Source data
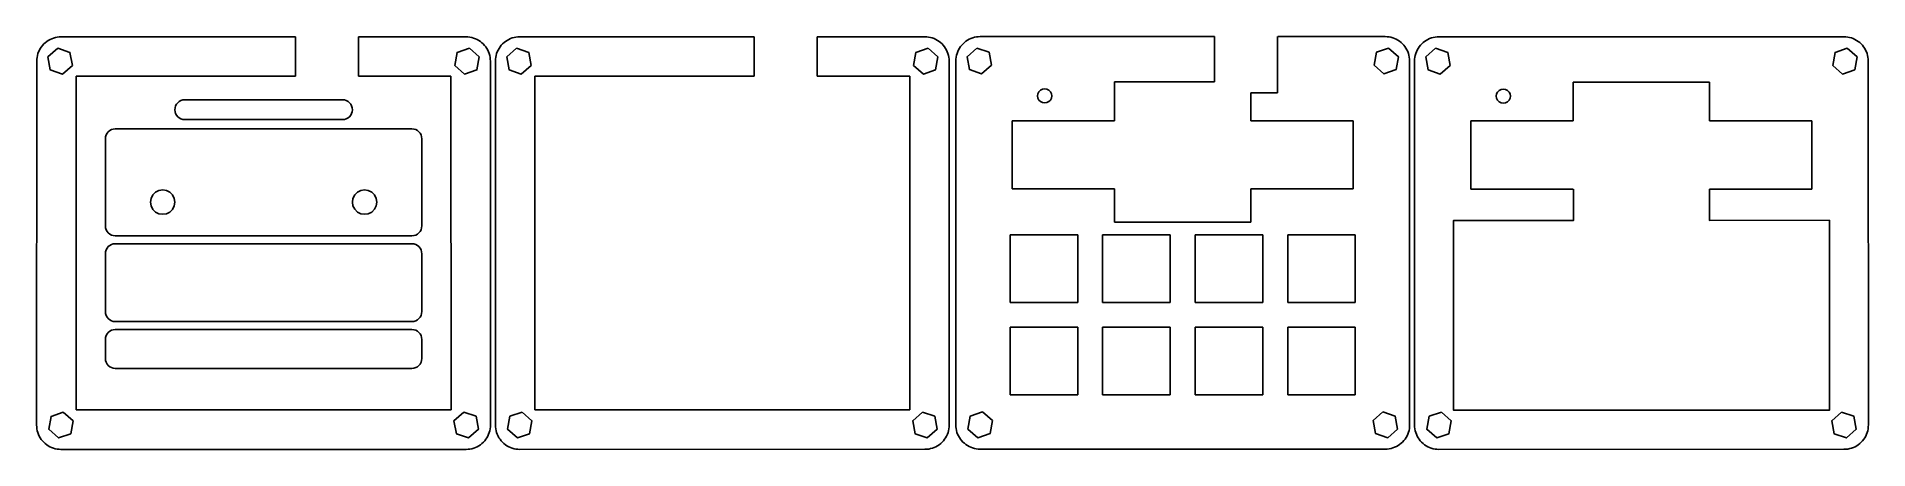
# Model space of a CAD drawing. Header units: millimetres. Extents: x 439 to 815, y 241 to 326.
import ezdxf

# ---------------------------------------------------------------- set-up
doc = ezdxf.new("R2010")
doc.units = ezdxf.units.MM
doc.header["$MEASUREMENT"] = 0
doc.layers.get('0').update_dxf_attribs({"lineweight": 0})

# ---------------------------------------------------------------- blocks, each defined once
blk = doc.blocks.new('Block_0')
at = {"color": 7, "lineweight": 25}
for points in [[(754.38, 287.69)], [(782.38, 287.69)]]:
    blk.add_lwpolyline(points, dxfattribs=at)
blk = doc.blocks.new('Block_1')
at = {"color": 7, "lineweight": 25}
for points in [[(754.38, 287.69)], [(782.38, 287.69)]]:
    blk.add_lwpolyline(points, dxfattribs=at)
blk = doc.blocks.new('Block_2')
at = {"color": 7, "lineweight": 25}
for points in [[(754.39, 288.05)], [(782.39, 288.05)]]:
    blk.add_lwpolyline(points, dxfattribs=at)
blk = doc.blocks.new('Block_3')
at = {"color": 7, "lineweight": 25}
for points in [[(660.17, 287.73)], [(688.17, 287.73)]]:
    blk.add_lwpolyline(points, dxfattribs=at)

msp = doc.modelspace()

# ---------------------------------------------------------------- linework, layer by layer
at = {"color": 7, "lineweight": 25}
for p, q in [((439.52, 323.42), (439.74, 323.75)), ((439.74, 323.75), (439.98, 324.06)), ((439.98, 324.06), (440.25, 324.35)), ((440.25, 324.35), (440.54, 324.61)), ((440.54, 324.61), (440.85, 324.86)), ((440.85, 324.86), (441.17, 325.08)), ((441.17, 325.08), (441.52, 325.27)), ((441.52, 325.27), (441.87, 325.43)), ((441.87, 325.43), (442.24, 325.57)), ((442.24, 325.57), (442.62, 325.67)), ((442.62, 325.67), (443, 325.75)), ((443, 325.75), (443.39, 325.8)), ((443.39, 325.8), (443.79, 325.81)), ((443.83, 325.81), (491.93, 325.81)), ((491.93, 317.71), (491.93, 325.81)), ((504.87, 317.71), (504.87, 325.81)), ((526.92, 325.81), (504.87, 325.81)), ((527.36, 325.8), (526.97, 325.81)), ((527.75, 325.75), (527.36, 325.8)), ((528.14, 325.67), (527.75, 325.75)), ((528.51, 325.57), (528.14, 325.67)), ((528.88, 325.43), (528.51, 325.57)), ((529.24, 325.27), (528.88, 325.43)), ((529.58, 325.08), (529.24, 325.27)), ((529.91, 324.86), (529.58, 325.08)), ((530.22, 324.61), (529.91, 324.86)), ((530.5, 324.35), (530.22, 324.61)), ((530.77, 324.06), (530.5, 324.35)), ((531.01, 323.75), (530.77, 324.06)), ((531.23, 323.42), (531.01, 323.75)), ((533.74, 323.43), (533.96, 323.76)), ((533.96, 323.76), (534.21, 324.07)), ((534.21, 324.07), (534.47, 324.36)), ((534.47, 324.36), (534.76, 324.62)), ((534.76, 324.62), (535.07, 324.87)), ((535.07, 324.87), (535.39, 325.09)), ((535.39, 325.09), (535.74, 325.28)), ((535.74, 325.28), (536.09, 325.44)), ((536.09, 325.44), (536.46, 325.58)), ((536.46, 325.58), (536.84, 325.68)), ((536.84, 325.68), (537.22, 325.76)), ((537.22, 325.76), (537.61, 325.81)), ((537.61, 325.81), (538.01, 325.82)), ((538.05, 325.82), (586.15, 325.82)), ((586.15, 317.72), (586.15, 325.82)), ((599.09, 317.72), (599.09, 325.82)), ((621.14, 325.82), (599.09, 325.82)), ((621.58, 325.81), (621.19, 325.82)), ((621.97, 325.76), (621.58, 325.81)), ((622.36, 325.68), (621.97, 325.76)), ((622.73, 325.58), (622.36, 325.68)), ((623.1, 325.44), (622.73, 325.58)), ((623.46, 325.28), (623.1, 325.44)), ((623.8, 325.09), (623.46, 325.28)), ((624.13, 324.87), (623.8, 325.09)), ((624.44, 324.62), (624.13, 324.87)), ((624.72, 324.36), (624.44, 324.62)), ((624.99, 324.07), (624.72, 324.36)), ((625.23, 323.76), (624.99, 324.07)), ((625.45, 323.43), (625.23, 323.76)), ((628.31, 323.47), (628.53, 323.8)), ((628.53, 323.8), (628.77, 324.11)), ((628.77, 324.11), (629.04, 324.39)), ((629.04, 324.39), (629.33, 324.66)), ((629.33, 324.66), (629.64, 324.9)), ((629.64, 324.9), (629.96, 325.12)), ((629.96, 325.12), (630.3, 325.32)), ((630.3, 325.32), (630.66, 325.48)), ((630.66, 325.48), (631.03, 325.62)), ((631.03, 325.62), (631.41, 325.72)), ((631.41, 325.72), (631.79, 325.8)), ((631.79, 325.8), (632.18, 325.84)), ((632.18, 325.84), (632.57, 325.86)), ((632.57, 325.86), (680.72, 325.86)), ((680.72, 325.86), (680.72, 316.53)), ((693.65, 325.86), (693.65, 314.31)), ((715.75, 325.86), (693.67, 325.86)), ((716.15, 325.84), (715.75, 325.86)), ((716.54, 325.8), (716.15, 325.84)), ((716.92, 325.72), (716.54, 325.8)), ((717.3, 325.62), (716.92, 325.72)), ((717.67, 325.48), (717.3, 325.62)), ((718.03, 325.32), (717.67, 325.48)), ((718.37, 325.12), (718.03, 325.32)), ((718.69, 324.9), (718.37, 325.12)), ((719, 324.66), (718.69, 324.9)), ((719.29, 324.39), (719, 324.66)), ((719.56, 324.11), (719.29, 324.39)), ((719.8, 323.8), (719.56, 324.11)), ((720.02, 323.47), (719.8, 323.8)), ((722.52, 323.43), (722.74, 323.76)), ((722.74, 323.76), (722.98, 324.07)), ((722.98, 324.07), (723.25, 324.36)), ((723.25, 324.36), (723.54, 324.62)), ((723.54, 324.62), (723.85, 324.87)), ((723.85, 324.87), (724.17, 325.09)), ((724.17, 325.09), (724.51, 325.28)), ((724.51, 325.28), (724.87, 325.44)), ((724.87, 325.44), (725.24, 325.58)), ((725.24, 325.58), (725.62, 325.68)), ((725.62, 325.68), (726, 325.76)), ((726, 325.76), (726.39, 325.81)), ((726.39, 325.81), (726.79, 325.82)), ((726.79, 325.82), (787.88, 325.82)), ((809.96, 325.82), (787.88, 325.82)), ((810.36, 325.81), (809.96, 325.82)), ((810.75, 325.76), (810.36, 325.81)), ((811.13, 325.68), (810.75, 325.76)), ((811.51, 325.58), (811.13, 325.68)), ((811.88, 325.44), (811.51, 325.58)), ((812.24, 325.28), (811.88, 325.44)), ((812.58, 325.09), (812.24, 325.28)), ((812.9, 324.87), (812.58, 325.09)), ((813.21, 324.62), (812.9, 324.87)), ((813.5, 324.36), (813.21, 324.62)), ((813.77, 324.07), (813.5, 324.36)), ((814.01, 323.76), (813.77, 324.07)), ((814.23, 323.43), (814.01, 323.76)), ((438.77, 246), (438.79, 320.81)), ((438.79, 320.81), (438.8, 321.2)), ((438.8, 321.2), (438.85, 321.59)), ((438.85, 321.59), (438.93, 321.98)), ((438.93, 321.98), (439.03, 322.36)), ((439.03, 322.36), (439.17, 322.72)), ((439.17, 322.72), (439.33, 323.08)), ((439.33, 323.08), (439.52, 323.42)), ((531.42, 323.08), (531.23, 323.42)), ((531.59, 322.72), (531.42, 323.08)), ((531.72, 322.36), (531.59, 322.72)), ((531.83, 321.98), (531.72, 322.36)), ((531.91, 321.59), (531.83, 321.98)), ((531.95, 321.2), (531.91, 321.59)), ((531.97, 320.81), (531.95, 321.2)), ((531.99, 246), (531.97, 320.81)), ((532.99, 246.01), (533.01, 320.82)), ((533.01, 320.82), (533.02, 321.21)), ((533.02, 321.21), (533.07, 321.6)), ((533.07, 321.6), (533.15, 321.99)), ((533.15, 321.99), (533.25, 322.37)), ((533.25, 322.37), (533.39, 322.73)), ((533.39, 322.73), (533.55, 323.09)), ((533.55, 323.09), (533.74, 323.43)), ((625.64, 323.09), (625.45, 323.43)), ((625.81, 322.73), (625.64, 323.09)), ((625.95, 322.37), (625.81, 322.73)), ((626.05, 321.99), (625.95, 322.37)), ((626.13, 321.6), (626.05, 321.99)), ((626.17, 321.21), (626.13, 321.6)), ((626.19, 320.82), (626.17, 321.21)), ((626.21, 246.01), (626.19, 320.82)), ((627.55, 246.05), (627.57, 320.86)), ((627.57, 320.86), (627.59, 321.25)), ((627.59, 321.25), (627.64, 321.64)), ((627.64, 321.64), (627.71, 322.03)), ((627.71, 322.03), (627.82, 322.4)), ((627.82, 322.4), (627.95, 322.77)), ((627.95, 322.77), (628.12, 323.13)), ((628.12, 323.13), (628.31, 323.47)), ((720.21, 323.13), (720.02, 323.47)), ((720.37, 322.77), (720.21, 323.13)), ((720.51, 322.4), (720.37, 322.77)), ((720.62, 322.03), (720.51, 322.4)), ((720.69, 321.64), (720.62, 322.03)), ((720.74, 321.25), (720.69, 321.64)), ((720.75, 320.86), (720.74, 321.25)), ((720.77, 246.05), (720.75, 320.86)), ((721.76, 246.01), (721.78, 320.82)), ((721.78, 320.82), (721.8, 321.21)), ((721.8, 321.21), (721.85, 321.6)), ((721.85, 321.6), (721.92, 321.99)), ((721.92, 321.99), (722.03, 322.37)), ((722.03, 322.37), (722.16, 322.73)), ((722.16, 322.73), (722.33, 323.09)), ((722.33, 323.09), (722.52, 323.43)), ((814.42, 323.09), (814.23, 323.43)), ((814.59, 322.73), (814.42, 323.09)), ((814.72, 322.37), (814.59, 322.73)), ((814.83, 321.99), (814.72, 322.37)), ((814.9, 321.6), (814.83, 321.99)), ((814.95, 321.21), (814.9, 321.6)), ((814.97, 320.82), (814.95, 321.21)), ((814.99, 246.01), (814.97, 320.82)), ((446.89, 317.71), (446.87, 249.1)), ((491.93, 317.71), (446.89, 317.71)), ((504.87, 317.71), (523.87, 317.71)), ((523.87, 317.71), (523.89, 249.12)), ((541.11, 317.72), (541.09, 249.11)), ((586.15, 317.72), (541.11, 317.72)), ((599.09, 317.72), (618.09, 317.72)), ((618.09, 317.72), (618.11, 249.13)), ((660.17, 316.53), (680.72, 316.53)), ((660.17, 308.55), (660.17, 316.53)), ((754.38, 316.49), (782.38, 316.49)), ((754.38, 308.51), (754.38, 316.49)), ((782.38, 316.49), (782.38, 308.51)), ((644.42, 314.11), (644.35, 313.66)), ((644.35, 313.66), (644.42, 313.21)), ((644.63, 314.51), (644.42, 314.11)), ((644.42, 313.21), (644.63, 312.81)), ((644.95, 314.83), (644.63, 314.51)), ((644.63, 312.81), (644.95, 312.49)), ((645.35, 315.04), (644.95, 314.83)), ((644.95, 312.49), (645.35, 312.28)), ((645.35, 315.04), (645.8, 315.11)), ((645.35, 312.28), (645.8, 312.21)), ((646.25, 315.04), (645.8, 315.11)), ((645.8, 312.21), (646.25, 312.28)), ((646.65, 314.83), (646.25, 315.04)), ((646.25, 312.28), (646.65, 312.49)), ((646.98, 314.51), (646.65, 314.83)), ((646.65, 312.49), (646.98, 312.81)), ((647.18, 314.11), (646.98, 314.51)), ((646.98, 312.81), (647.18, 313.21)), ((647.18, 314.11), (647.25, 313.66)), ((647.18, 313.21), (647.25, 313.66)), ((688.17, 314.31), (688.17, 308.55)), ((688.17, 314.31), (693.65, 314.31)), ((738.63, 314.07), (738.56, 313.62)), ((738.56, 313.62), (738.63, 313.17)), ((738.84, 314.47), (738.63, 314.07)), ((738.63, 313.17), (738.84, 312.77)), ((739.16, 314.8), (738.84, 314.47)), ((738.84, 312.77), (739.16, 312.45)), ((739.56, 315), (739.16, 314.8)), ((739.16, 312.45), (739.56, 312.24)), ((739.56, 315), (740.01, 315.07)), ((740.46, 315), (740.01, 315.07)), ((740.86, 314.8), (740.46, 315)), ((740.46, 312.24), (740.86, 312.45)), ((741.19, 314.47), (740.86, 314.8)), ((740.86, 312.45), (741.19, 312.77)), ((741.39, 314.07), (741.19, 314.47)), ((741.19, 312.77), (741.39, 313.17)), ((741.39, 314.07), (741.46, 313.62)), ((741.39, 313.17), (741.46, 313.62)), ((639.16, 294.54), (639.16, 308.55)), ((639.16, 308.55), (660.17, 308.55)), ((688.17, 308.55), (709.16, 308.55)), ((709.16, 308.55), (709.16, 294.54)), ((733.37, 294.5), (733.37, 308.51)), ((733.37, 308.51), (754.38, 308.51)), ((739.56, 312.24), (740.01, 312.17)), ((740.01, 312.17), (740.46, 312.24)), ((803.38, 308.51), (782.38, 308.51)), ((803.38, 294.5), (803.38, 308.51)), ((463.19, 293.85), (462.64, 293.3)), ((463.89, 294.2), (463.19, 293.85)), ((464.66, 294.33), (463.89, 294.2)), ((465.44, 294.2), (464.66, 294.33)), ((466.13, 293.85), (465.44, 294.2)), ((466.68, 293.3), (466.13, 293.85)), ((504.65, 293.85), (504.1, 293.3)), ((505.35, 294.2), (504.65, 293.85)), ((506.12, 294.33), (505.35, 294.2)), ((506.89, 294.2), (506.12, 294.33)), ((507.59, 293.85), (506.89, 294.2)), ((508.14, 293.3), (507.59, 293.85)), ((660.17, 294.54), (639.16, 294.54)), ((660.17, 287.73), (660.17, 294.54)), ((688.17, 294.54), (688.17, 287.73)), ((709.17, 294.54), (688.17, 294.54)), ((733.37, 294.5), (736.23, 294.5)), ((754.38, 294.5), (736.23, 294.5)), ((782.38, 294.5), (800.52, 294.5)), ((803.38, 294.5), (800.52, 294.5)), ((462.29, 292.6), (462.16, 291.82)), ((462.16, 291.82), (462.29, 291.05)), ((462.64, 293.3), (462.29, 292.6)), ((462.29, 291.05), (462.64, 290.35)), ((462.64, 290.35), (463.19, 289.8)), ((463.19, 289.8), (463.89, 289.45)), ((465.44, 289.45), (466.13, 289.8)), ((466.13, 289.8), (466.68, 290.35)), ((467.04, 292.6), (466.68, 293.3)), ((466.68, 290.35), (467.04, 291.05)), ((467.16, 291.82), (467.04, 292.6)), ((467.04, 291.05), (467.16, 291.82)), ((503.74, 292.6), (503.62, 291.83)), ((503.62, 291.83), (503.74, 291.05)), ((504.1, 293.3), (503.74, 292.6)), ((503.74, 291.05), (504.1, 290.36)), ((504.1, 290.36), (504.65, 289.8)), ((504.65, 289.8), (505.35, 289.45)), ((506.89, 289.45), (507.59, 289.8)), ((507.59, 289.8), (508.14, 290.36)), ((508.5, 292.6), (508.14, 293.3)), ((508.14, 290.36), (508.5, 291.05)), ((508.62, 291.83), (508.5, 292.6)), ((508.5, 291.05), (508.62, 291.83)), ((463.89, 289.45), (464.66, 289.33)), ((464.66, 289.33), (465.44, 289.45)), ((505.35, 289.45), (506.12, 289.33)), ((506.12, 289.33), (506.89, 289.45)), ((660.17, 287.73), (688.17, 287.73)), ((638.71, 285.11), (652.61, 285.11)), ((638.71, 285.11), (638.71, 271.21)), ((652.61, 285.11), (652.61, 271.21)), ((657.71, 285.11), (671.61, 285.11)), ((657.71, 271.21), (657.71, 285.11)), ((671.61, 285.11), (671.61, 271.21)), ((676.71, 285.11), (690.62, 285.11)), ((676.71, 271.21), (676.71, 285.11)), ((690.62, 285.11), (690.62, 271.21)), ((695.72, 285.11), (709.61, 285.11)), ((695.72, 271.21), (695.72, 285.11)), ((709.61, 285.11), (709.61, 271.21)), ((652.61, 271.21), (638.71, 271.21)), ((671.61, 271.21), (657.71, 271.21)), ((690.62, 271.21), (676.71, 271.21)), ((695.72, 271.21), (709.61, 271.21)), ((638.71, 266.11), (652.61, 266.11)), ((638.71, 252.21), (638.71, 266.11)), ((652.61, 266.11), (652.61, 252.21)), ((657.71, 266.11), (671.61, 266.11)), ((657.71, 252.21), (657.71, 266.11)), ((671.61, 266.11), (671.61, 252.21)), ((676.71, 266.11), (690.62, 266.11)), ((676.71, 266.11), (676.71, 252.21)), ((690.62, 266.11), (690.62, 252.21)), ((695.72, 266.11), (709.61, 266.11)), ((695.72, 252.21), (695.72, 266.11)), ((709.61, 266.11), (709.61, 252.21)), ((652.61, 252.21), (638.71, 252.21)), ((657.71, 252.21), (671.61, 252.21)), ((690.62, 252.21), (676.71, 252.21)), ((709.61, 252.21), (695.72, 252.21)), ((446.87, 249.1), (523.89, 249.11)), ((541.09, 249.11), (618.11, 249.12)), ((438.78, 245.61), (438.77, 246)), ((438.83, 245.22), (438.78, 245.61)), ((438.91, 244.83), (438.83, 245.22)), ((439.01, 244.46), (438.91, 244.83)), ((531.85, 244.84), (531.74, 244.46)), ((531.93, 245.23), (531.85, 244.84)), ((531.97, 245.62), (531.93, 245.23)), ((531.99, 246.01), (531.97, 245.62)), ((533, 245.62), (532.99, 246.01)), ((533.05, 245.23), (533, 245.62)), ((533.13, 244.84), (533.05, 245.23)), ((533.23, 244.46), (533.13, 244.84)), ((626.07, 244.85), (625.96, 244.47)), ((626.15, 245.24), (626.07, 244.85)), ((626.19, 245.63), (626.15, 245.24)), ((626.21, 246.02), (626.19, 245.63)), ((627.57, 245.66), (627.55, 246.05)), ((627.62, 245.27), (627.57, 245.66)), ((627.69, 244.88), (627.62, 245.27)), ((627.8, 244.5), (627.69, 244.88)), ((720.64, 244.89), (720.53, 244.51)), ((720.71, 245.28), (720.64, 244.89)), ((720.76, 245.67), (720.71, 245.28)), ((720.77, 246.06), (720.76, 245.67)), ((721.78, 245.62), (721.76, 246.01)), ((721.83, 245.23), (721.78, 245.62)), ((721.9, 244.84), (721.83, 245.23)), ((722.01, 244.46), (721.9, 244.84)), ((814.85, 244.85), (814.74, 244.47)), ((814.92, 245.24), (814.85, 244.85)), ((814.97, 245.63), (814.92, 245.24)), ((814.99, 246.02), (814.97, 245.63)), ((439.15, 244.09), (439.01, 244.46)), ((439.31, 243.73), (439.15, 244.09)), ((439.5, 243.39), (439.31, 243.73)), ((439.72, 243.06), (439.5, 243.39)), ((439.97, 242.75), (439.72, 243.06)), ((440.23, 242.47), (439.97, 242.75)), ((440.52, 242.2), (440.23, 242.47)), ((440.83, 241.96), (440.52, 242.2)), ((441.15, 241.74), (440.83, 241.96)), ((441.5, 241.54), (441.15, 241.74)), ((441.85, 241.38), (441.5, 241.54)), ((442.22, 241.24), (441.85, 241.38)), ((442.6, 241.14), (442.22, 241.24)), ((442.98, 241.06), (442.6, 241.14)), ((443.37, 241.02), (442.98, 241.06)), ((443.77, 241), (443.37, 241.02)), ((526.99, 241.01), (443.77, 241)), ((527.38, 241.02), (526.99, 241.01)), ((527.77, 241.07), (527.38, 241.02)), ((528.16, 241.15), (527.77, 241.07)), ((528.53, 241.25), (528.16, 241.15)), ((528.9, 241.39), (528.53, 241.25)), ((529.26, 241.55), (528.9, 241.39)), ((529.6, 241.75), (529.26, 241.55)), ((529.93, 241.96), (529.6, 241.75)), ((530.24, 242.21), (529.93, 241.96)), ((530.52, 242.47), (530.24, 242.21)), ((530.79, 242.76), (530.52, 242.47)), ((531.03, 243.07), (530.79, 242.76)), ((531.25, 243.4), (531.03, 243.07)), ((531.44, 243.74), (531.25, 243.4)), ((531.61, 244.1), (531.44, 243.74)), ((531.74, 244.46), (531.61, 244.1)), ((533.37, 244.1), (533.23, 244.46)), ((533.53, 243.74), (533.37, 244.1)), ((533.72, 243.4), (533.53, 243.74)), ((533.94, 243.07), (533.72, 243.4)), ((534.19, 242.76), (533.94, 243.07)), ((534.45, 242.47), (534.19, 242.76)), ((534.74, 242.21), (534.45, 242.47)), ((535.05, 241.97), (534.74, 242.21)), ((535.37, 241.75), (535.05, 241.97)), ((535.72, 241.55), (535.37, 241.75)), ((536.08, 241.39), (535.72, 241.55)), ((536.44, 241.25), (536.08, 241.39)), ((536.82, 241.15), (536.44, 241.25)), ((537.21, 241.07), (536.82, 241.15)), ((537.6, 241.03), (537.21, 241.07)), ((537.99, 241.01), (537.6, 241.03)), ((621.21, 241.02), (537.99, 241.01)), ((621.6, 241.03), (621.21, 241.02)), ((621.99, 241.08), (621.6, 241.03)), ((622.38, 241.16), (621.99, 241.08)), ((622.75, 241.26), (622.38, 241.16)), ((623.12, 241.4), (622.75, 241.26)), ((623.48, 241.56), (623.12, 241.4)), ((623.82, 241.76), (623.48, 241.56)), ((624.15, 241.97), (623.82, 241.76)), ((624.46, 242.22), (624.15, 241.97)), ((624.74, 242.48), (624.46, 242.22)), ((625.01, 242.77), (624.74, 242.48)), ((625.25, 243.08), (625.01, 242.77)), ((625.47, 243.41), (625.25, 243.08)), ((625.66, 243.75), (625.47, 243.41)), ((625.83, 244.11), (625.66, 243.75)), ((625.96, 244.47), (625.83, 244.11)), ((627.93, 244.14), (627.8, 244.5)), ((628.1, 243.78), (627.93, 244.14)), ((628.29, 243.44), (628.1, 243.78)), ((628.51, 243.11), (628.29, 243.44)), ((628.75, 242.8), (628.51, 243.11)), ((629.02, 242.51), (628.75, 242.8)), ((629.31, 242.25), (629.02, 242.51)), ((629.62, 242), (629.31, 242.25)), ((629.94, 241.79), (629.62, 242)), ((630.28, 241.59), (629.94, 241.79)), ((630.64, 241.43), (630.28, 241.59)), ((631.01, 241.29), (630.64, 241.43)), ((631.39, 241.19), (631.01, 241.29)), ((631.77, 241.11), (631.39, 241.19)), ((632.16, 241.06), (631.77, 241.11)), ((632.55, 241.05), (632.16, 241.06)), ((715.77, 241.06), (632.55, 241.05)), ((716.17, 241.07), (715.77, 241.06)), ((716.56, 241.12), (716.17, 241.07)), ((716.94, 241.2), (716.56, 241.12)), ((717.32, 241.3), (716.94, 241.2)), ((717.69, 241.44), (717.32, 241.3)), ((718.04, 241.6), (717.69, 241.44)), ((718.39, 241.79), (718.04, 241.6)), ((718.71, 242.01), (718.39, 241.79)), ((719.02, 242.25), (718.71, 242.01)), ((719.31, 242.52), (719.02, 242.25)), ((719.58, 242.81), (719.31, 242.52)), ((719.82, 243.12), (719.58, 242.81)), ((720.04, 243.45), (719.82, 243.12)), ((720.23, 243.79), (720.04, 243.45)), ((720.39, 244.14), (720.23, 243.79)), ((720.53, 244.51), (720.39, 244.14)), ((722.15, 244.1), (722.01, 244.46)), ((722.31, 243.74), (722.15, 244.1)), ((722.5, 243.4), (722.31, 243.74)), ((722.72, 243.07), (722.5, 243.4)), ((722.96, 242.76), (722.72, 243.07)), ((723.23, 242.47), (722.96, 242.76)), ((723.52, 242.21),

- [INSTRUCTIONS TO FOLLOW]:
Which lines of the records above contain the word "ezdxf"? Report each one.

- [ANSWER SECTION]:
import ezdxf
doc = ezdxf.new("R2010")
doc.units = ezdxf.units.MM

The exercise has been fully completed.